I rolled my face up to look at him. His vibrant green eyes smiled back down, so full of love and compassion that I smiled too, taking a small step away. Then, with a quick flip of my hand, snatched the book from his.
“Hey!” He tried to grab it, but I turned quickly and opened it. I read only two lines—something about my father being evil, but I’d referred to him as King Drake—before David snatched it back.
“I wasn’t done reading!” I jumped up in the air and tried to grab it, but he was so much taller than me. He only needed to hold it above his head so I couldn’t reach.
“I’m not letting you read this yet.” He switched hands a few times as I kept trying to grab it, laughing.
“Not fair!” I jumped again and my fingers almost touched it. “You’re taller than me.”
“And quicker,” he said. But we both knew that wasn’t true.
“Yeah, well, you’re also human.”
“And?” he challenged, daring me to try something.
I looked at the patch of skin where his briefs showed above his jeans and where his shirt came up with his arms extended, and rushed for it. “You’re also ticklish!”
The book hit the floor hard as he folded over, but when my hands connected with his skin, my mission was no longer to get that book. I wanted him. Naked and on top of me. I wanted his breath across my face and the wetness of his lips cooling mine.
I kept digging my fingertips into his waist until he landed on the floor, then I jumped on top of him, weaving my hands through his chicken-wing arms to get to his ribs. But as I lifted his shirt, his eyes went wide and, though he laughed it off, I saw panic there right before he flipped me over and threw me down softly onto the rug near the foot of his bed.

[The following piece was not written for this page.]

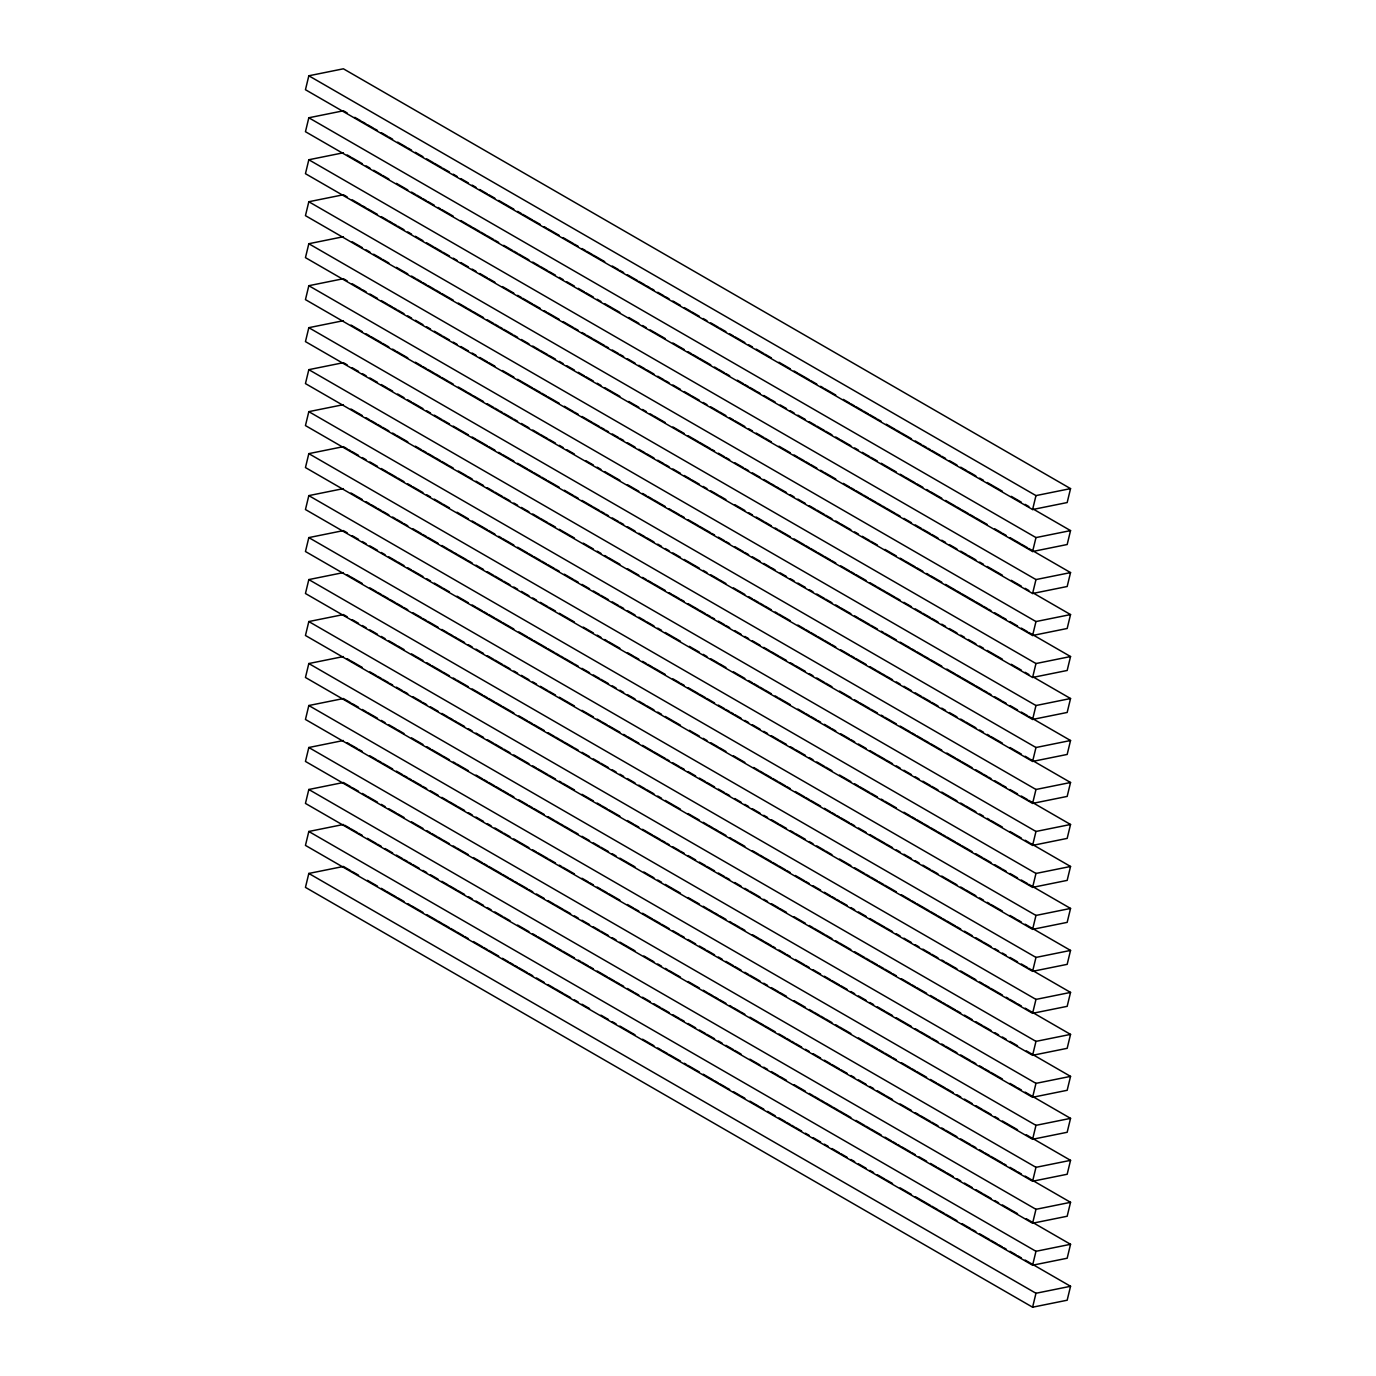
<?xml version="1.0" encoding="UTF-8"?>
<svg xmlns="http://www.w3.org/2000/svg" width="1376" height="1376" viewBox="0 0 1376 1376"><rect width="100%" height="100%" fill="white"/><g stroke="black" fill="none" stroke-linecap="round" stroke-linejoin="round"><path stroke-width="1.5" d="M308.826 75.783L305.455 89.715L1032.602 509.533L1067.174 502.55L1070.545 488.618L343.398 68.8L308.826 75.783L1035.973 495.601L1070.545 488.618M347.182 112.97L343.398 110.785L308.826 117.768L305.455 131.7L1032.602 551.518L1067.174 544.518L1070.545 530.603L1032.671 508.742M343.398 152.77L308.826 159.754L305.455 173.686L1032.602 593.503L1067.174 586.503L1070.545 572.588L1033.944 551.449M347.182 196.94L343.398 194.756L308.826 201.739L305.455 215.654L1032.602 635.488L1067.174 628.488L1070.545 614.573L1032.671 592.695M343.398 236.724L308.826 243.724L305.455 257.639L1032.602 677.456L1067.174 670.473L1070.545 656.541L1028.887 632.496M347.182 280.893L343.398 278.709L308.826 285.709L305.455 299.624L1032.602 719.442L1067.174 712.458L1070.545 698.526L1032.671 676.665M343.398 320.694L308.826 327.677L305.455 341.609L1032.602 761.427L1067.174 754.444L1070.545 740.512L1028.887 716.466M347.182 364.864L343.398 362.679L308.826 369.662L305.455 383.594L1032.602 803.412L1067.174 796.412L1070.545 782.497L1030.16 759.174M343.398 404.664L308.826 411.648L305.455 425.58L1032.602 845.397L1067.174 838.397L1070.545 824.482L1028.887 800.419M347.182 448.834L343.398 446.65L308.826 453.633L305.455 467.565L1032.602 887.382L1067.174 880.382L1070.545 866.467L1030.16 843.144M343.398 488.618L308.826 495.618L305.455 509.533L1032.602 929.35L1067.174 922.367L1070.545 908.435L1028.887 884.39M347.182 532.787L343.398 530.603L308.826 537.603L305.455 551.518L1032.602 971.336L1067.174 964.352L1070.545 950.42L1025.103 924.19M343.398 572.588L308.826 579.588L305.455 593.503L1032.602 1013.321L1067.174 1006.338L1070.545 992.406L1028.887 968.36M347.182 616.758L343.398 614.573L308.826 621.556L305.455 635.488L1032.602 1055.306L1067.174 1048.323L1070.545 1034.391L1025.103 1008.144M343.398 656.558L308.826 663.542L305.455 677.474L1032.602 1097.291L1067.174 1090.291L1070.545 1076.376L1026.358 1050.868M350.966 702.912L343.398 698.544L308.826 705.527L305.455 719.459L1032.602 1139.276L1067.174 1132.276L1070.545 1118.361L1025.103 1092.114M343.398 740.512L308.826 747.512L305.455 761.427L1032.602 1181.244L1067.174 1174.261L1070.545 1160.346L1026.358 1134.822M350.966 786.883L343.398 782.497L308.826 789.497L305.455 803.412L1032.602 1223.23L1067.174 1216.246L1070.545 1202.314L1025.103 1176.084M343.398 824.482L308.826 831.482L305.455 845.397L1032.602 1265.215L1067.174 1258.232L1070.545 1244.3L1026.358 1218.792M350.966 870.836L343.398 866.467L308.826 873.45L305.455 887.382L1032.602 1307.2L1067.174 1300.217L1070.545 1286.285L1025.103 1260.055M1032.602 509.533L1035.973 495.601M1032.602 551.518L1035.973 537.586L1070.545 530.603M1032.602 593.503L1035.973 579.571L1070.545 572.588M1032.602 635.488L1035.973 621.556L1070.545 614.573M1032.602 677.456L1035.973 663.542L1070.545 656.541M1032.602 719.442L1035.973 705.527L1070.545 698.526M1032.602 761.427L1035.973 747.512L1070.545 740.512M1032.602 803.412L1035.973 789.48L1070.545 782.497M1032.602 845.397L1035.973 831.465L1070.545 824.482M1032.602 887.382L1035.973 873.45L1070.545 866.467M1032.602 929.35L1035.973 915.436L1070.545 908.435M1032.602 971.336L1035.973 957.421L1070.545 950.42M1032.602 1013.321L1035.973 999.406L1070.545 992.406M1032.602 1055.306L1035.973 1041.374L1070.545 1034.391M1032.602 1097.291L1035.973 1083.359L1070.545 1076.376M1032.602 1139.276L1035.973 1125.344L1070.545 1118.361M1032.602 1181.244L1035.973 1167.33L1070.545 1160.346M1032.602 1223.23L1035.973 1209.315L1070.545 1202.314M1032.602 1265.215L1035.973 1251.3L1070.545 1244.3M1032.602 1307.2L1035.973 1293.268L1070.545 1286.285M354.767 117.338L361.08 120.985M362.335 121.707L366.119 123.909M367.375 124.631L373.687 128.278M374.96 129L377.488 130.462M381.272 132.646L387.585 136.293M388.84 137.015L392.624 139.2M397.681 142.124L406.522 147.232M407.778 147.954L411.562 150.139M415.363 152.323L422.931 156.692M426.715 158.894L433.027 162.523M434.3 163.262L441.868 167.631M443.124 168.354L449.436 172M453.22 174.184L457.021 176.386M460.805 178.57L468.373 182.939M472.157 185.124L475.958 187.308M479.742 189.492L487.31 193.878M488.583 194.601L494.896 198.247M498.68 200.432L513.816 209.169M517.617 211.371L521.401 213.555M522.656 214.278L532.753 220.108M534.026 220.831L540.338 224.477M544.122 226.662L546.65 228.124M547.906 228.863L559.275 235.416M563.059 237.601L573.156 243.432M574.428 244.154L578.212 246.356M581.996 248.54L585.78 250.724M587.036 251.447L592.093 254.371M593.348 255.093L604.718 261.646M612.286 266.032L618.598 269.679M619.871 270.401L623.655 272.586M627.439 274.77L637.535 280.601M638.808 281.34L645.12 284.97M646.376 285.709L650.16 287.894M651.433 288.616L653.961 290.078M657.745 292.262L664.058 295.909M665.313 296.631L669.097 298.833M672.881 301.017L680.466 305.386M684.25 307.57L690.563 311.217M691.818 311.939L699.404 316.325M703.188 318.51L706.972 320.694M710.756 322.878L718.341 327.247M719.596 327.987L725.909 331.616M729.693 333.818L733.477 336.002M734.75 336.724L744.846 342.555M748.63 344.74L752.414 346.924M756.215 349.108L763.783 353.494M765.039 354.217L771.351 357.863M778.936 362.232L790.288 368.802M794.09 370.987L797.874 373.171M799.129 373.894L809.226 379.724M810.498 380.464L816.811 384.11M820.595 386.295L823.123 387.74M824.379 388.479L835.748 395.032M843.316 399.401L849.628 403.048M850.884 403.787L854.685 405.972M855.941 406.694L862.253 410.34M863.509 411.063L868.566 413.987M869.821 414.709L876.134 418.356M877.406 419.095L881.19 421.28M886.23 424.186L895.071 429.295M896.344 430.017L900.128 432.202M901.383 432.941L911.48 438.772M915.281 440.956L921.593 444.603M922.849 445.325L926.633 447.51M927.906 448.249L930.417 449.694M931.69 450.434L940.53 455.525M941.786 456.264L945.57 458.449M949.354 460.633L956.939 465.002M960.723 467.186L967.036 470.833M968.291 471.572L975.876 475.941M979.66 478.126L983.444 480.31M987.228 482.494L1002.382 491.249M1011.222 496.34L1021.319 502.171M1025.103 504.356L1028.887 506.557M308.826 117.768L1035.973 537.586M347.182 154.955L350.966 157.139M352.239 157.862L362.335 163.692M366.119 165.877L369.903 168.078M373.687 170.263L381.272 174.632M382.528 175.354L388.84 179M396.426 183.369L407.778 189.94M411.562 192.124L415.363 194.308M416.618 195.031L421.675 197.955M422.931 198.677L426.715 200.862M427.988 201.601L434.3 205.248M438.084 207.432L440.595 208.894M441.868 209.616L453.22 216.17M460.805 220.556L467.118 224.185M468.373 224.924L472.157 227.109M473.43 227.831L479.742 231.478M480.998 232.217L486.055 235.124M487.31 235.846L493.623 239.493M494.896 240.232L498.68 242.417M503.719 245.324L512.56 250.432M513.816 251.154L517.617 253.339M518.872 254.078L528.969 259.909M532.753 262.094L539.065 265.74M540.338 266.462L547.906 270.831M549.179 271.571L555.491 275.217M559.275 277.402L563.059 279.586M566.843 281.77L574.428 286.139M578.212 288.324L584.525 291.97M585.78 292.71L593.348 297.078M597.15 299.263L600.934 301.447M604.718 303.632L619.871 312.386M628.712 317.478L638.808 323.308M642.592 325.51L646.376 327.694M650.16 329.879L665.313 338.616M672.881 343.002L684.25 349.556M688.034 351.74L691.818 353.924M693.091 354.664L698.131 357.571M699.404 358.293L710.756 364.864M714.557 367.048L717.068 368.51M718.341 369.232L724.653 372.879M725.909 373.601L729.693 375.786M737.278 380.172L743.59 383.818M744.846 384.54L748.63 386.725M749.903 387.447L756.215 391.094M757.471 391.833L759.999 393.278M763.783 395.48L770.096 399.109M771.351 399.848L775.152 402.033M780.192 404.94L786.504 408.586M790.288 410.77L794.09 412.972M797.874 415.156L805.442 419.525M809.226 421.71L815.538 425.356M816.811 426.078L824.379 430.464M825.634 431.187L831.947 434.833M835.748 437.018L839.532 439.202M840.788 439.924L850.884 445.755M854.685 447.957L858.469 450.141M862.253 452.326L869.821 456.694M871.094 457.417L877.406 461.063M881.19 463.248L896.344 472.002M900.128 474.187L903.912 476.371M905.167 477.111L915.281 482.942M916.536 483.664L922.849 487.31M926.633 489.495L929.161 490.957M930.417 491.679L941.786 498.232M945.57 500.434L955.666 506.265M956.939 506.987L960.723 509.172M961.979 509.894L968.291 513.54M969.564 514.28L974.604 517.187M975.876 517.926L987.228 524.48M994.814 528.848L1001.126 532.495M1002.382 533.217L1006.166 535.419M1009.95 537.603L1020.063 543.434M1021.319 544.156L1027.631 547.803M1028.887 548.525L1032.671 550.71M308.826 159.754L1035.973 579.571M352.239 199.847L361.08 204.955M362.335 205.678L366.119 207.862M367.375 208.602L377.488 214.432M381.272 216.617L387.585 220.263M388.84 220.986L392.624 223.17M393.897 223.91L396.426 225.354M397.681 226.094L403.994 229.74M407.778 231.925L411.562 234.109M415.363 236.294L422.931 240.662M426.715 242.847L433.027 246.493M434.3 247.233L441.868 251.602M443.124 252.324L449.436 255.97M453.22 258.155L457.021 260.339M460.805 262.524L468.373 266.91M472.157 269.094L475.958 271.278M479.742 273.463L487.31 277.832M488.583 278.571L494.896 282.218M502.464 286.586L513.816 293.14M517.617 295.324L521.401 297.508M522.656 298.248L532.753 304.079M534.026 304.801L540.338 308.448M544.122 310.632L546.65 312.094M547.906 312.816L559.275 319.387M563.059 321.571L573.156 327.402M574.428 328.124L578.212 330.309M581.996 332.493L585.78 334.695M587.036 335.417L592.093 338.324M593.348 339.064L604.718 345.617M605.973 346.356L608.502 347.801M612.286 349.986L618.598 353.632M619.871 354.372L623.655 356.556M627.439 358.74L635.024 363.109M638.808 365.294L645.12 368.94M646.376 369.68L653.961 374.048M657.745 376.233L664.058 379.879M665.313 380.602L669.097 382.786M672.881 384.97L680.466 389.356M684.25 391.541L690.563 395.187M691.818 395.91L699.404 400.278M703.188 402.463L706.972 404.664M710.756 406.849L718.341 411.218M719.596 411.94L725.909 415.586M729.693 417.771L733.477 419.955M734.75 420.695L744.846 426.526M748.63 428.71L752.414 430.894M756.215 433.079L763.783 437.448M765.039 438.187L771.351 441.834M778.936 446.202L790.288 452.756M794.09 454.94L797.874 457.142M799.129 457.864L804.186 460.771M805.442 461.51L809.226 463.695M810.498 464.417L816.811 468.064M820.595 470.248L823.123 471.71M824.379 472.432L835.748 479.003M843.316 483.372L849.628 487.018M850.884 487.74L854.685 489.925M855.941 490.664L862.253 494.311M863.509 495.033L868.566 497.957M869.821 498.68L876.134 502.326M877.406 503.048L881.19 505.233M882.446 505.972L884.974 507.417M886.23 508.157L895.071 513.248M896.344 513.988L900.128 516.172M903.912 518.356L911.48 522.725M915.281 524.91L921.593 528.556M922.849 529.296L930.417 533.664M931.69 534.387L938.002 538.033M941.786 540.218L945.57 542.402M949.354 544.604L956.939 548.972M960.723 551.157L967.036 554.803M968.291 555.526L975.876 559.894M979.66 562.096L983.444 564.28M987.228 566.465L1002.382 575.202M1011.222 580.311L1021.319 586.142M1025.103 588.326L1028.887 590.51M308.826 201.739L1035.973 621.556M352.239 241.832L362.335 247.663M366.119 249.847L369.903 252.032M373.687 254.216L381.272 258.602M382.528 259.324L388.84 262.971M396.426 267.34L407.778 273.893M411.562 276.094L415.363 278.279M416.618 279.001L421.675 281.925M422.931 282.648L426.715 284.832M427.988 285.554L434.3 289.201M435.556 289.94L440.595 292.847M441.868 293.587L453.22 300.14M458.277 303.047L467.118 308.155M468.373 308.878L472.157 311.079M473.43 311.802L483.526 317.632M487.31 319.817L493.623 323.463M494.896 324.186L498.68 326.387M499.935 327.11L502.464 328.572M503.719 329.294L512.56 334.402M513.816 335.125L517.617 337.309M521.401 339.494L528.969 343.88M532.753 346.064L539.065 349.71M540.338 350.433L547.906 354.802M549.179 355.541L555.491 359.17M559.275 361.372L563.059 363.556M566.843 365.741L574.428 370.11M578.212 372.294L584.525 375.94M585.78 376.663L593.348 381.049M597.15 383.233L600.934 385.418M604.718 387.602L619.871 396.357M628.712 401.448L638.808 407.279M642.592 409.463L646.376 411.648M650.16 413.849L652.688 415.294M653.961 416.034L665.313 422.587M672.881 426.956L684.25 433.526M688.034 435.71L698.131 441.541M699.404 442.264L710.756 448.834M712.028 449.556L714.557 451.018M718.341 453.203L724.653 456.849M725.909 457.572L729.693 459.756M734.75 462.68L743.59 467.771M744.846 468.511L748.63 470.695M752.414 472.88L759.999 477.248M763.783 479.433L770.096 483.079M771.351 483.819L775.152 486.003M776.408 486.726L778.936 488.188M780.192 488.91L786.504 492.556M790.288 494.741L794.09 496.925M797.874 499.11L805.442 503.496M809.226 505.68L815.538 509.326M816.811 510.049L824.379 514.418M825.634 515.157L831.947 518.804M835.748 520.988L839.532 523.172M840.788 523.895L850.884 529.726M854.685 531.91L858.469 534.094M862.253 536.296L869.821 540.665M871.094 541.387L877.406 545.034M884.974 549.402L896.344 555.973M900.128 558.157L903.912 560.342M905.167 561.064L915.281 566.895M916.536 567.634L922.849 571.281M926.633 573.465L929.161 574.91M930.417 575.65L941.786 582.203M945.57 584.387L955.666 590.218M956.939 590.958L960.723 593.142M961.979 593.864L974.604 601.157M975.876 601.88L982.189 605.526M983.444 606.266L987.228 608.45M988.501 609.172L991.012 610.634M994.814 612.819L1001.126 616.465M1002.382 617.188L1006.166 619.372M1009.95 621.556L1017.535 625.942M1021.319 628.127L1027.631 631.773M308.826 243.724L1035.973 663.542M352.239 283.817L361.08 288.908M362.335 289.648L366.119 291.832M369.903 294.017L377.488 298.386M381.272 300.57L387.585 304.216M388.84 304.956L392.624 307.14M393.897 307.863L396.426 309.325M397.681 310.047L403.994 313.694M407.778 315.878L411.562 318.062M415.363 320.264L422.931 324.633M426.715 326.817L430.499 329.002M434.3 331.186L441.868 335.555M443.124 336.294L449.436 339.941M453.22 342.125L457.021 344.31M460.805 346.494L468.373 350.863M472.157 353.047L475.958 355.249M479.742 357.433L487.31 361.802M488.583 362.524L494.896 366.171M502.464 370.54L513.816 377.11M517.617 379.294L532.753 388.032M534.026 388.772L540.338 392.418M541.594 393.14L546.65 396.064M547.906 396.787L559.275 403.34M564.315 406.264L573.156 411.355M574.428 412.095L578.212 414.279M581.996 416.464L592.093 422.294M593.348 423.017L599.661 426.663M600.934 427.403L604.718 429.587M605.973 430.31L608.502 431.772M612.286 433.956L618.598 437.602M619.871 438.325L623.655 440.509M627.439 442.711L635.024 447.08M638.808 449.264L645.12 452.91M646.376 453.633L653.961 458.002M657.745 460.203L664.058 463.832M665.313 464.572L669.097 466.756M672.881 468.941L680.466 473.31M684.25 475.494L690.563 479.14M691.818 479.88L699.404 484.249M703.188 486.433L706.972 488.618M710.756 490.802L718.341 495.188M719.596 495.91L725.909 499.557M734.75 504.648L744.846 510.479M748.63 512.68L752.414 514.865M756.215 517.049L763.783 521.418M765.039 522.14L771.351 525.787M775.152 527.971L777.664 529.433M778.936 530.173L790.288 536.726M794.09 538.91L804.186 544.741M805.442 545.464L809.226 547.665M810.498 548.388L816.811 552.034M818.066 552.756L823.123 555.68M824.379 556.403L830.691 560.049M831.947 560.772L835.748 562.956M840.788 565.88L849.628 570.988M850.884 571.711L854.685 573.895M855.941 574.618L866.037 580.448M869.821 582.65L876.134 586.279M877.406 587.019L881.19 589.203M882.446 589.926L884.974 591.388M886.23 592.11L895.071 597.218M896.344 597.941L900.128 600.142M903.912 602.327L911.48 606.696M915.281 608.88L921.593 612.526M922.849 613.249L930.417 617.635M931.69 618.357L938.002 622.004M941.786 624.188L945.57 626.372M949.354 628.557L956.939 632.943M960.723 635.127L964.507 637.312M968.291 639.496L975.876 643.865M979.66 646.049L983.444 648.234M987.228 650.435L1002.382 659.173M1011.222 664.281L1021.319 670.112M1025.103 672.296L1028.887 674.481M308.826 285.709L1035.973 705.527M350.966 325.063L362.335 331.633M366.119 333.818L369.903 336.002M371.176 336.724L381.272 342.555M382.528 343.295L388.84 346.941M392.624 349.126L395.153 350.57M396.426 351.31L407.778 357.863M415.363 362.232L421.675 365.878M422.931 366.618L426.715 368.802M427.988 369.525L434.3 373.171M435.556 373.894L440.595 376.818M441.868 377.54L448.18 381.186M449.436 381.926L453.22 384.11M458.277 387.017L467.118 392.126M468.373 392.848L472.157 395.032M473.43 395.772L483.526 401.603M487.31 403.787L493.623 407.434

The air was filled with breathy laughs and a kind of energy that was so vibrant and tingly I had to admit that he was right; Ara would have loved the human version of him. He was lovely and sweet and playful. I liked how his face went red when he laughed and how he sometimes couldn’t catch his breath. I liked the sound of his thumping heart—how it gave me signals about his desires, no matter what they were. And as he laid there half on top of me, my legs parted around his hips, my naked skin touching his warm denim jeans, I knew he wanted the same thing as me.
He leaned down into his hands and kissed my mouth, his nose pressing my cheek, his stubbly chin grazing mine. I parted my lips to let his tongue in, tasting him like he was a flavor I’d always wondered about. I wanted to commit all of him to memory. Even the slightly stale taste of coffee on his breath. But as things heated up and I put my hands up his shirt to push it off, he drew a very sudden breath and jerked back. “We have to stop.”
“Why?”
“I just…” He leaned forward and picked up the book off the floor. “We’re supposed to be going out to lunch.”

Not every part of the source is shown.